Schema references are being used experimentally at this time. See: Confluent Python API does not support schema references.
AVRO Union types allow specification of a field that can be one of many choices. This includes indicating that a field may be null (union consisting of null and non-null type). For us, we have a set of different possible alarm producers tied to the registered alarm producer field as a complex type and each producer has different fields so they're modeled as a union. Similar scenario for overrides - we have multiple different overrides with different fields. Again for active alarms.
For AVRO Unions we avoid placing this structure at the root. Instead we use a single field msg, which is a union of records. The msg field appears unnecessary, and as an alternative the entire value could have been a union. However, a nested union is less problematic than a union at the AVRO root (confluent blog). If a union was used at the root then (1) the schema must be pre-registered with the registry instead of being created on-the-fly by clients, (2) the AVRO serializer must have additional configuration:
auto.register.schemas=false
use.latest.version=true
This may appear especially odd with messages that have no fields. For example the value is:
{"msg":{}}
instead of:
{}
When attempting to serialize a union the Python API has two strategies:
- Use a tuple to indicate the type and value
- Just use the value and let the API try to guess what branch of the union you mean
The later is dangerous and messy and has bitten us already - make sure to use the tuple explicit specification.
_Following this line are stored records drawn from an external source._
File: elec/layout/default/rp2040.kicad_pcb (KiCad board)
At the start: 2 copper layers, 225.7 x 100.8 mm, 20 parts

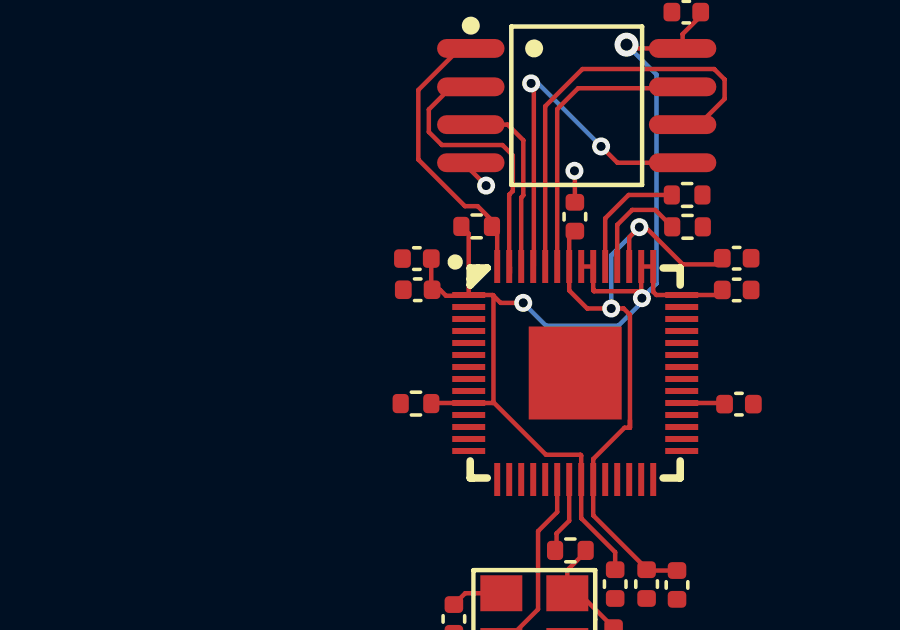
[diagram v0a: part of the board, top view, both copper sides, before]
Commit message: fix the layout
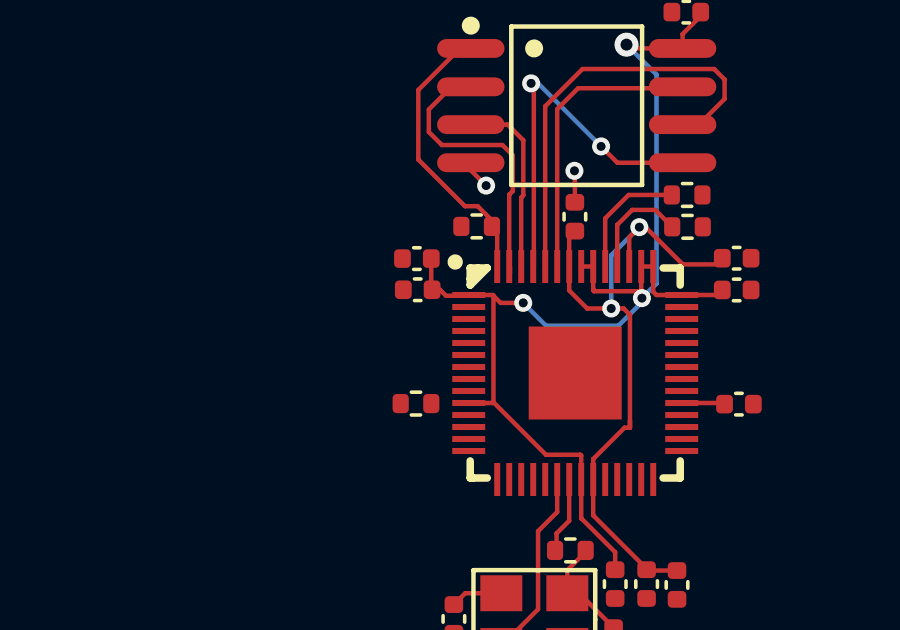
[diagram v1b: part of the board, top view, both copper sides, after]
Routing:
- net vcc: track 46.2 -> 42.5 mm

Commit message: refactor
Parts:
- R1: renamed from R4; value Chip Resistor - Surface Mount 10KOhms ±5% 1/16W 0402 RoHS -> Chip Resistor - Surface Mount 11KOhms ±5% 1/16W 0402 RoHS
- renumbered R5 to R2, R1 to R3, R2 to R4, R3 to R5
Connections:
- net gpio11 renamed mosi
- net gpio20 renamed sda
- net gpio21 renamed scl
- net gpio4 renamed tx
- net gpio5 renamed rx
- net gpio8 renamed miso
- R2 pad 2: cs -> cs-1
- R4 pad 1: usb_dp -> dp
- R5 pad 2: usb_dm -> dm
- U1 pad 12: gpio9 -> cs
- U1 pad 13: gpio10 -> sck
- U1 pad 43: vcc -> adc_avdd
- U1 pad 46: usb_dm -> dm
- U1 pad 47: usb_dp -> dp
- U1 pad 48: vcc -> usb_vdd
- U1 pad 52: sck -> sck-1
- U1 pad 56: cs -> cs-1
- U3 pad 1: cs -> cs-1
- U3 pad 6: sck -> sck-1
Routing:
- net sck-1: track 0.00 -> 14.4 mm
- net sck: track 14.4 -> 0.00 mm
- net cs-1: track 0.00 -> 9.55 mm
- net cs: track 9.55 -> 0.00 mm
- net usb_dp: track 4.15 -> 0.00 mm
- net dp: track 0.00 -> 4.15 mm
- net usb_dm: track 3.66 -> 0.00 mm
- net dm: track 0.00 -> 3.66 mm

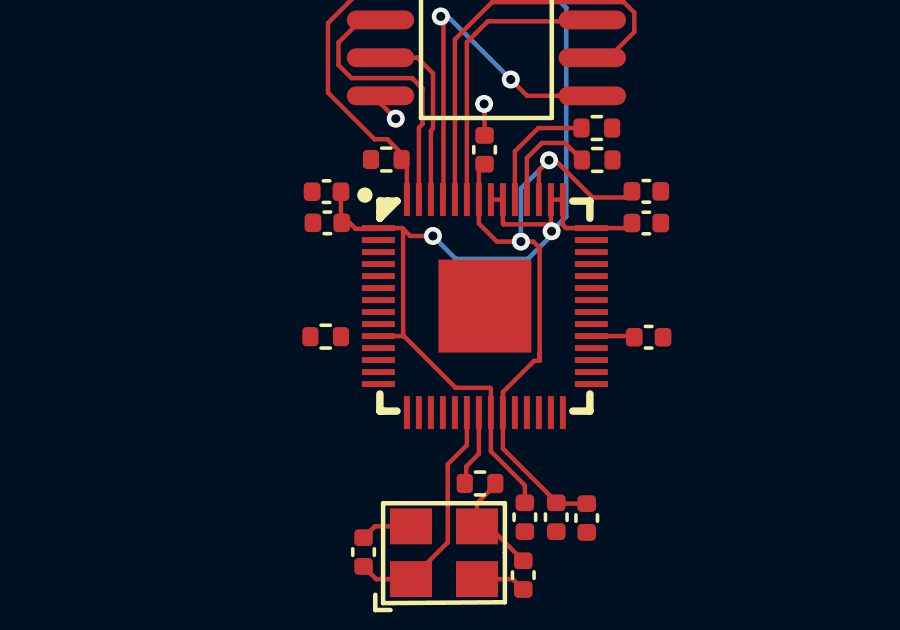
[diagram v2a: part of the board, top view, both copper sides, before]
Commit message: fix USB resistors
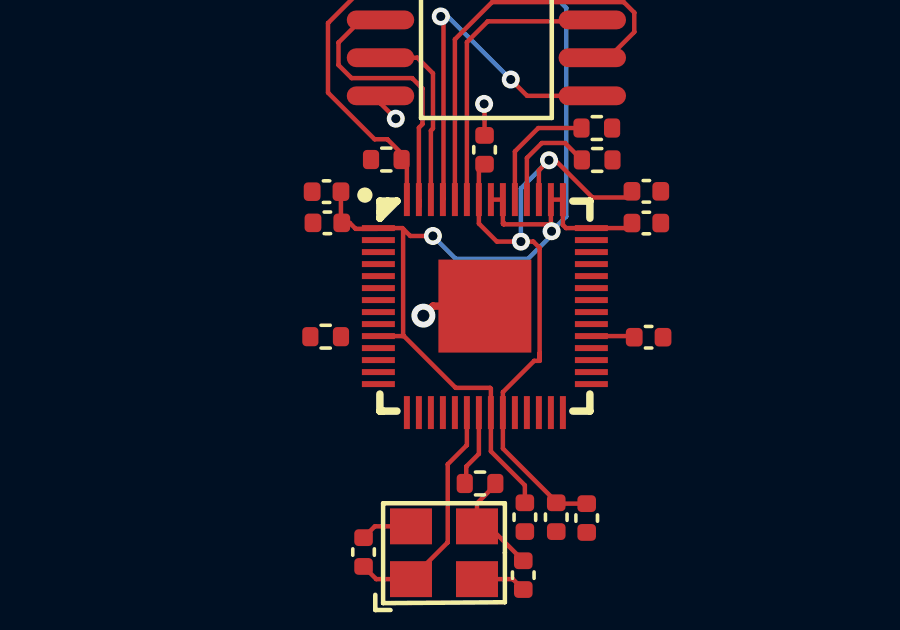
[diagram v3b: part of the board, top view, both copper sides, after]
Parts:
- C1, C2: value Multilayer Ceramic Capacitors MLCC - SMD/SMT 20pF 50V 0402 RoHS -> 50V 20pF C0G ±5% 0402 Multilayer Ceramic Capacitors MLCC - SMD/SMT ROHS
- C10, C11, C3, C4, C5, C6, C7, C9: value Multilayer Ceramic Capacitors MLCC - SMD/SMT 100nF 10V 0402 RoHS -> 16V 100nF X7R ±10% 0402 Multilayer Ceramic Capacitors MLCC - SMD/SMT ROHS
- C12, C8: value Multilayer Ceramic Capacitors MLCC - SMD/SMT 1uF 6.3V 0402 RoHS -> 25V 1uF X5R ±10% 0402 Multilayer Ceramic Capacitors MLCC - SMD/SMT ROHS
- R1: value Chip Resistor - Surface Mount 11KOhms ±5% 1/16W 0402 RoHS -> 62.5mW Thick Film Resistors ±100ppm/℃ ±1% 10kΩ 0402 Chip Resistor - Surface Mount ROHS
- R2: value Chip Resistor - Surface Mount 10KOhms ±5% 1/16W 0402 RoHS -> 62.5mW Thick Film Resistors ±100ppm/℃ ±1% 10kΩ 0402 Chip Resistor - Surface Mount ROHS
- R3: value Chip Resistor - Surface Mount 1KOhms ±5% 1/16W 0402 RoHS -> 62.5mW Thick Film Resistors ±100ppm/℃ ±1% 1kΩ 0402 Chip Resistor - Surface Mount ROHS
- R4, R5: value Chip Resistor - Surface Mount 27KOhms ±5% 1/16W 0402 RoHS -> 62.5mW Thick Film Resistors ±100ppm/℃ ±1% 27Ω 0402 Chip Resistor - Surface Mount ROHS
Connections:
- net vcc-1 renamed micro-vcc
- U1 pad 48: usb_vdd -> vcc
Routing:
- net gnd: track 5.45 -> 7.64 mm, vias 2 -> 3

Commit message: Fix ADC power issue
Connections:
- R4 pad 1: dp -> usb_dp
- R5 pad 2: dm -> usb_dm
- U1 pad 43: adc_avdd -> vcc
- U1 pad 46: dm -> usb_dm
- U1 pad 47: dp -> usb_dp
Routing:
- net usb_dp: track 0.00 -> 4.15 mm
- net dp: track 4.15 -> 0.00 mm
- net usb_dm: track 0.00 -> 3.66 mm
- net dm: track 3.66 -> 0.00 mm
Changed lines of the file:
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@@
   (net 38 "gpio18")
   (net 39 "gpio19")
-  (net 40 "adc_avdd")
-  (net 41 "gpio22")
-  (net 42 "gpio23")
-  (net 43 "gpio24")
-  (net 44 "gpio25")
-  (net 45 "gpio26_a0")
-  (net 46 "gpio27_a1")
-  (net 47 "gpio28_a2")
-  (net 48 "gpio29_a3")
+  (net 40 "gpio22")
+  (net 41 "gpio23")
+  (net 42 "gpio24")
+  (net 43 "gpio25")
+  (net 44 "gpio26_a0")
+  (net 45 "gpio27_a1")
+  (net 46 "gpio28_a2")
+  (net 47 "gpio29_a3")
+  (net 48 "usb_dp")
+  (net 49 "usb_dm")
   (footprint "lib:R0402" (layer "F.Cu")
     (at 217.920329 41.840176)
@@
       (stroke (width 0.1) (type solid)) (layer "F.Fab"))
     (pad "1" smd roundrect (at -0.51 0) (size 0.54 0.64) (layers "F.Cu" "F.Paste" "F.Mask") (roundrect_rratio 0.25)
-      (net 12 "dp") (pintype "stereo"))
+      (net 48 "usb_dp") (pintype "stereo"))
     (pad "2" smd roundrect (at 0.51 0) (size 0.54 0.64) (layers "F.Cu" "F.Paste" "F.Mask") (roundrect_rratio 0.25)
       (net 12 "dp") (pintype "stereo"))
@@
       (net 13 "dm") (pintype "stereo"))
     (pad "2" smd roundrect (at 0.51 0 180) (size 0.54 0.64) (layers "F.Cu" "F.Paste" "F.Mask") (roundrect_rratio 0.25)
-      (net 13 "dm") (pintype "stereo"))
+      (net 49 "usb_dm") (pintype "stereo"))
     (model "${KICAD6_3DMODEL_DIR}/Resistor_SMD.3dshapes/R_0402_1005Metric.wrl"
       (offset (xyz 0 0 0))
@@
       (net 5 "vcc") (pintype "stereo"))
     (pad "34" smd rect (at 3.55 0.6 180) (size 1.1 0.2) (layers "F.Cu" "F.Paste" "F.Mask")
-      (net 41 "gpio22") (pintype "stereo"))
+      (net 40 "gpio22") (pintype "stereo"))
     (pad "35" smd rect (at 3.55 0.2 180) (size 1.1 0.2) (layers "F.Cu" "F.Paste" "F.Mask")
-      (net 42 "gpio23") (pintype "stereo"))
+      (net 41 "gpio23") (pintype "stereo"))
     (pad "36" smd rect (at 3.55 -0.2 180) (size 1.1 0.2) (layers "F.Cu" "F.Paste" "F.Mask")
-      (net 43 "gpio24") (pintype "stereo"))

Unions are powerful and coupled with Kafka key=value message format you can define a composite key such that the type in value varies based on the key. There is currently no built-in constraints enforcing keys match union values though. We've encountered scenarios where we weren't careful and had alarm override keys indicting Disabled while the value was for something else like Shelved for example - applications must be careful.